Nothing is needed except the lines below that run from the one with "#59=EDGE_CURVE('E39',#58,#58,#56,.T.);" through the one with "#85=FACE_BOUND('',#84,.T.);", repeated exactly.
------ Input for this task ------
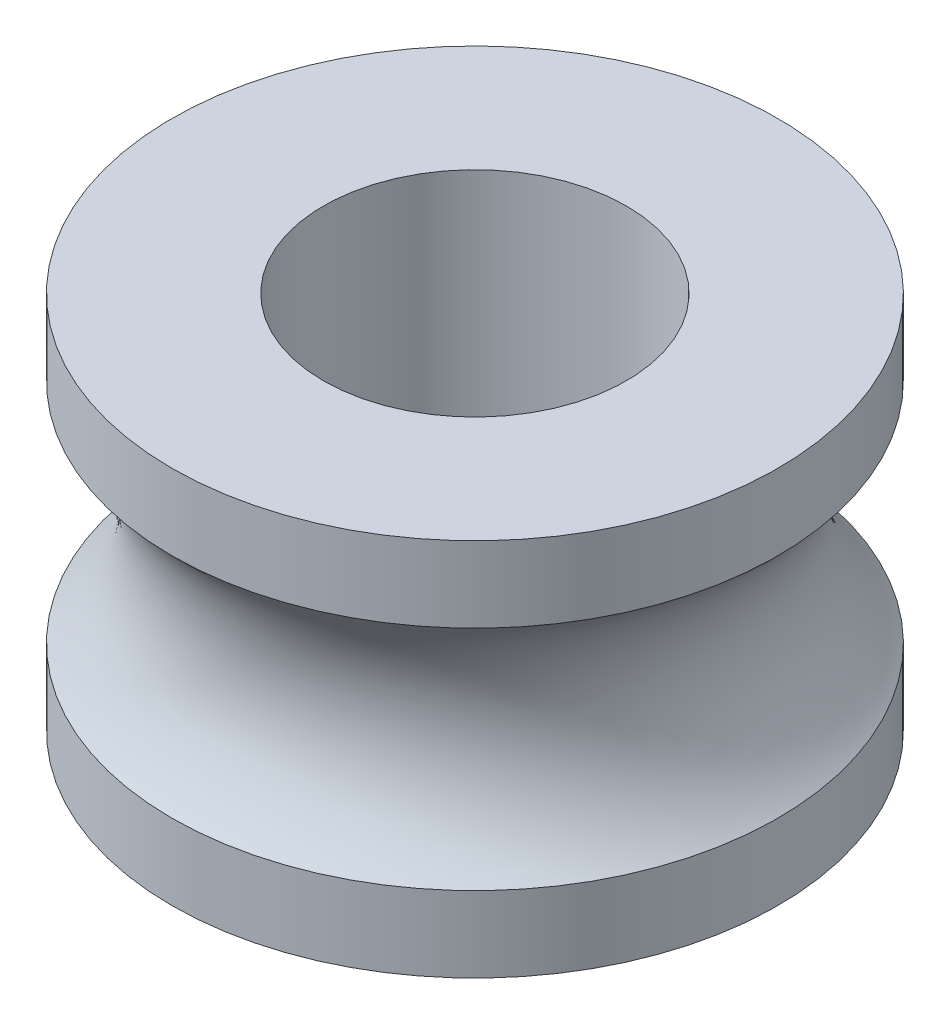
ISO-10303-21;
HEADER;
FILE_DESCRIPTION(('STEP AP214'),'2;1');
FILE_NAME('part.step','',(''),(''),'','','');
FILE_SCHEMA(('AUTOMOTIVE_DESIGN { 1 0 10303 214 1 1 1 1 }'));
ENDSEC;
DATA;
#1=APPLICATION_CONTEXT('core data for automotive mechanical design processes');
#2=APPLICATION_PROTOCOL_DEFINITION('international standard','automotive_design',2000,#1);
#3=PRODUCT_CONTEXT('',#1,'mechanical');
#4=PRODUCT('Part','Part','',(#3));
#5=PRODUCT_RELATED_PRODUCT_CATEGORY('part','',(#4));
#6=PRODUCT_DEFINITION_FORMATION('','',#4);
#7=PRODUCT_DEFINITION_CONTEXT('part definition',#1,'design');
#8=PRODUCT_DEFINITION('design','',#6,#7);
#9=PRODUCT_DEFINITION_SHAPE('','',#8);
#10=(LENGTH_UNIT() NAMED_UNIT(*) SI_UNIT(.MILLI.,.METRE.));
#11=(NAMED_UNIT(*) PLANE_ANGLE_UNIT() SI_UNIT($,.RADIAN.));
#12=(NAMED_UNIT(*) SI_UNIT($,.STERADIAN.) SOLID_ANGLE_UNIT());
#13=UNCERTAINTY_MEASURE_WITH_UNIT(LENGTH_MEASURE(1.E-05),#10,'distance_accuracy_value','');
#14=(GEOMETRIC_REPRESENTATION_CONTEXT(3) GLOBAL_UNCERTAINTY_ASSIGNED_CONTEXT((#13)) GLOBAL_UNIT_ASSIGNED_CONTEXT((#10,
#11,#12)) REPRESENTATION_CONTEXT('',''));
#15=CARTESIAN_POINT('',(0.,0.,0.));
#16=DIRECTION('',(0.,0.,1.));
#17=DIRECTION('',(1.,0.,0.));
#18=AXIS2_PLACEMENT_3D('',#15,#16,#17);
#19=CARTESIAN_POINT('',(2.,-2.5,0.));
#20=DIRECTION('',(0.,1.,0.));
#21=DIRECTION('',(0.,0.,1.));
#22=AXIS2_PLACEMENT_3D('',#19,#20,#21);
#23=PLANE('',#22);
#24=CARTESIAN_POINT('',(0.,-2.5,0.));
#25=DIRECTION('',(0.,1.,0.));
#26=DIRECTION('',(0.,0.,1.));
#27=AXIS2_PLACEMENT_3D('',#24,#25,#26);
#28=CIRCLE('',#27,4.);
#29=CARTESIAN_POINT('',(0.,-2.5,4.));
#30=VERTEX_POINT('',#29);
#31=EDGE_CURVE('E10',#30,#30,#28,.T.);
#32=ORIENTED_EDGE('',*,*,#31,.F.);
#33=EDGE_LOOP('',(#32));
#34=FACE_BOUND('',#33,.T.);
#35=CARTESIAN_POINT('',(0.,-2.5,0.));
#36=DIRECTION('',(0.,1.,0.));
#37=DIRECTION('',(0.,0.,1.));
#38=AXIS2_PLACEMENT_3D('',#35,#36,#37);
#39=CIRCLE('',#38,2.);
#40=CARTESIAN_POINT('',(0.,-2.5,2.));
#41=VERTEX_POINT('',#40);
#42=EDGE_CURVE('E55',#41,#41,#39,.T.);
#43=ORIENTED_EDGE('',*,*,#42,.T.);
#44=EDGE_LOOP('',(#43));
#45=FACE_BOUND('',#44,.T.);
#46=ADVANCED_FACE('F33',(#34,#45),#23,.F.);
#47=CARTESIAN_POINT('',(0.,2.,0.));
#48=DIRECTION('',(0.,1.,0.));
#49=DIRECTION('',(0.,0.,1.));
#50=AXIS2_PLACEMENT_3D('',#47,#48,#49);
#51=CYLINDRICAL_SURFACE('',#50,4.);
#52=CARTESIAN_POINT('',(0.,-1.5,0.));
#53=DIRECTION('',(0.,1.,0.));
#54=DIRECTION('',(0.,0.,1.));
#55=AXIS2_PLACEMENT_3D('',#52,#53,#54);
#56=CIRCLE('',#55,4.);
#57=CARTESIAN_POINT('',(0.,-1.5,4.));
#58=VERTEX_POINT('',#57);
#59=EDGE_CURVE('E39',#58,#58,#56,.T.);
#60=ORIENTED_EDGE('',*,*,#59,.F.);
#61=EDGE_LOOP('',(#60));
#62=FACE_BOUND('',#61,.T.);
#63=ORIENTED_EDGE('',*,*,#31,.T.);
#64=EDGE_LOOP('',(#63));
#65=FACE_BOUND('',#64,.T.);
#66=ADVANCED_FACE('F80',(#62,#65),#51,.T.);
#67=CARTESIAN_POINT('',(0.,0.,0.));
#68=DIRECTION('',(0.,1.,0.));
#69=DIRECTION('',(0.,0.,1.));
#70=AXIS2_PLACEMENT_3D('',#67,#68,#69);
#71=TOROIDAL_SURFACE('',#70,5.32287565553229,2.);
#72=CARTESIAN_POINT('',(0.,1.5,0.));
#73=DIRECTION('',(0.,1.,0.));
#74=DIRECTION('',(0.,0.,1.));
#75=AXIS2_PLACEMENT_3D('',#72,#73,#74);
#76=CIRCLE('',#75,4.);
#77=CARTESIAN_POINT('',(0.,1.5,4.));
#78=VERTEX_POINT('',#77);
#79=EDGE_CURVE('E43',#78,#78,#76,.T.);
#80=ORIENTED_EDGE('',*,*,#79,.F.);
#81=EDGE_LOOP('',(#80));
#82=FACE_BOUND('',#81,.T.);
#83=ORIENTED_EDGE('',*,*,#59,.T.);
#84=EDGE_LOOP('',(#83));
#85=FACE_BOUND('',#84,.T.);
#86=ADVANCED_FACE('F75',(#82,#85),#71,.F.);
#87=CARTESIAN_POINT('',(0.,2.,0.));
#88=DIRECTION('',(0.,1.,0.));
#89=DIRECTION('',(0.,0.,1.));
#90=AXIS2_PLACEMENT_3D('',#87,#88,#89);
#91=CYLINDRICAL_SURFACE('',#90,4.);
#92=CARTESIAN_POINT('',(0.,2.5,0.));
#93=DIRECTION('',(0.,1.,0.));
#94=DIRECTION('',(0.,0.,1.));
#95=AXIS2_PLACEMENT_3D('',#92,#93,#94);
#96=CIRCLE('',#95,4.);
#97=CARTESIAN_POINT('',(0.,2.5,4.));
#98=VERTEX_POINT('',#97);
#99=EDGE_CURVE('E47',#98,#98,#96,.T.);
#100=ORIENTED_EDGE('',*,*,#99,.F.);
#101=EDGE_LOOP('',(#100));
#102=FACE_BOUND('',#101,.T.);
#103=ORIENTED_EDGE('',*,*,#79,.T.);
#104=EDGE_LOOP('',(#103));
#105=FACE_BOUND('',#104,.T.);
#106=ADVANCED_FACE('F69',(#102,#105),#91,.T.);
#107=CARTESIAN_POINT('',(2.,2.5,0.));
#108=DIRECTION('',(0.,-1.,0.));
#109=DIRECTION('',(0.,0.,-1.));
#110=AXIS2_PLACEMENT_3D('',#107,#108,#109);
#111=PLANE('',#110);
#112=CARTESIAN_POINT('',(0.,2.5,0.));
#113=DIRECTION('',(0.,1.,0.));
#114=DIRECTION('',(0.,0.,1.));
#115=AXIS2_PLACEMENT_3D('',#112,#113,#114);
#116=CIRCLE('',#115,2.);
#117=CARTESIAN_POINT('',(0.,2.5,2.));
#118=VERTEX_POINT('',#117);
#119=EDGE_CURVE('E52',#118,#118,#116,.T.);
#120=ORIENTED_EDGE('',*,*,#119,.F.);
#121=EDGE_LOOP('',(#120));
#122=FACE_BOUND('',#121,.T.);
#123=ORIENTED_EDGE('',*,*,#99,.T.);
#124=EDGE_LOOP('',(#123));
#125=FACE_BOUND('',#124,.T.);
#126=ADVANCED_FACE('F63',(#122,#125),#111,.F.);
#127=CARTESIAN_POINT('',(0.,2.,0.));
#128=DIRECTION('',(0.,1.,0.));
#129=DIRECTION('',(0.,0.,1.));
#130=AXIS2_PLACEMENT_3D('',#127,#128,#129);
#131=CYLINDRICAL_SURFACE('',#130,2.);
#132=ORIENTED_EDGE('',*,*,#42,.F.);
#133=EDGE_LOOP('',(#132));
#134=FACE_BOUND('',#133,.T.);
#135=ORIENTED_EDGE('',*,*,#119,.T.);
#136=EDGE_LOOP('',(#135));
#137=FACE_BOUND('',#136,.T.);
#138=ADVANCED_FACE('F60',(#134,#137),#131,.F.);
#139=CLOSED_SHELL('',(#46,#66,#86,#106,#126,#138));
#140=MANIFOLD_SOLID_BREP('B2',#139);
#141=ADVANCED_BREP_SHAPE_REPRESENTATION('',(#18,#140),#14);
#142=SHAPE_DEFINITION_REPRESENTATION(#9,#141);
ENDSEC;
END-ISO-10303-21;
------
*Solution to this exercise:*
#59=EDGE_CURVE('E39',#58,#58,#56,.T.);
#60=ORIENTED_EDGE('',*,*,#59,.F.);
#61=EDGE_LOOP('',(#60));
#62=FACE_BOUND('',#61,.T.);
#63=ORIENTED_EDGE('',*,*,#31,.T.);
#64=EDGE_LOOP('',(#63));
#65=FACE_BOUND('',#64,.T.);
#66=ADVANCED_FACE('F80',(#62,#65),#51,.T.);
#67=CARTESIAN_POINT('',(0.,0.,0.));
#68=DIRECTION('',(0.,1.,0.));
#69=DIRECTION('',(0.,0.,1.));
#70=AXIS2_PLACEMENT_3D('',#67,#68,#69);
#71=TOROIDAL_SURFACE('',#70,5.32287565553229,2.);
#72=CARTESIAN_POINT('',(0.,1.5,0.));
#73=DIRECTION('',(0.,1.,0.));
#74=DIRECTION('',(0.,0.,1.));
#75=AXIS2_PLACEMENT_3D('',#72,#73,#74);
#76=CIRCLE('',#75,4.);
#77=CARTESIAN_POINT('',(0.,1.5,4.));
#78=VERTEX_POINT('',#77);
#79=EDGE_CURVE('E43',#78,#78,#76,.T.);
#80=ORIENTED_EDGE('',*,*,#79,.F.);
#81=EDGE_LOOP('',(#80));
#82=FACE_BOUND('',#81,.T.);
#83=ORIENTED_EDGE('',*,*,#59,.T.);
#84=EDGE_LOOP('',(#83));
#85=FACE_BOUND('',#84,.T.);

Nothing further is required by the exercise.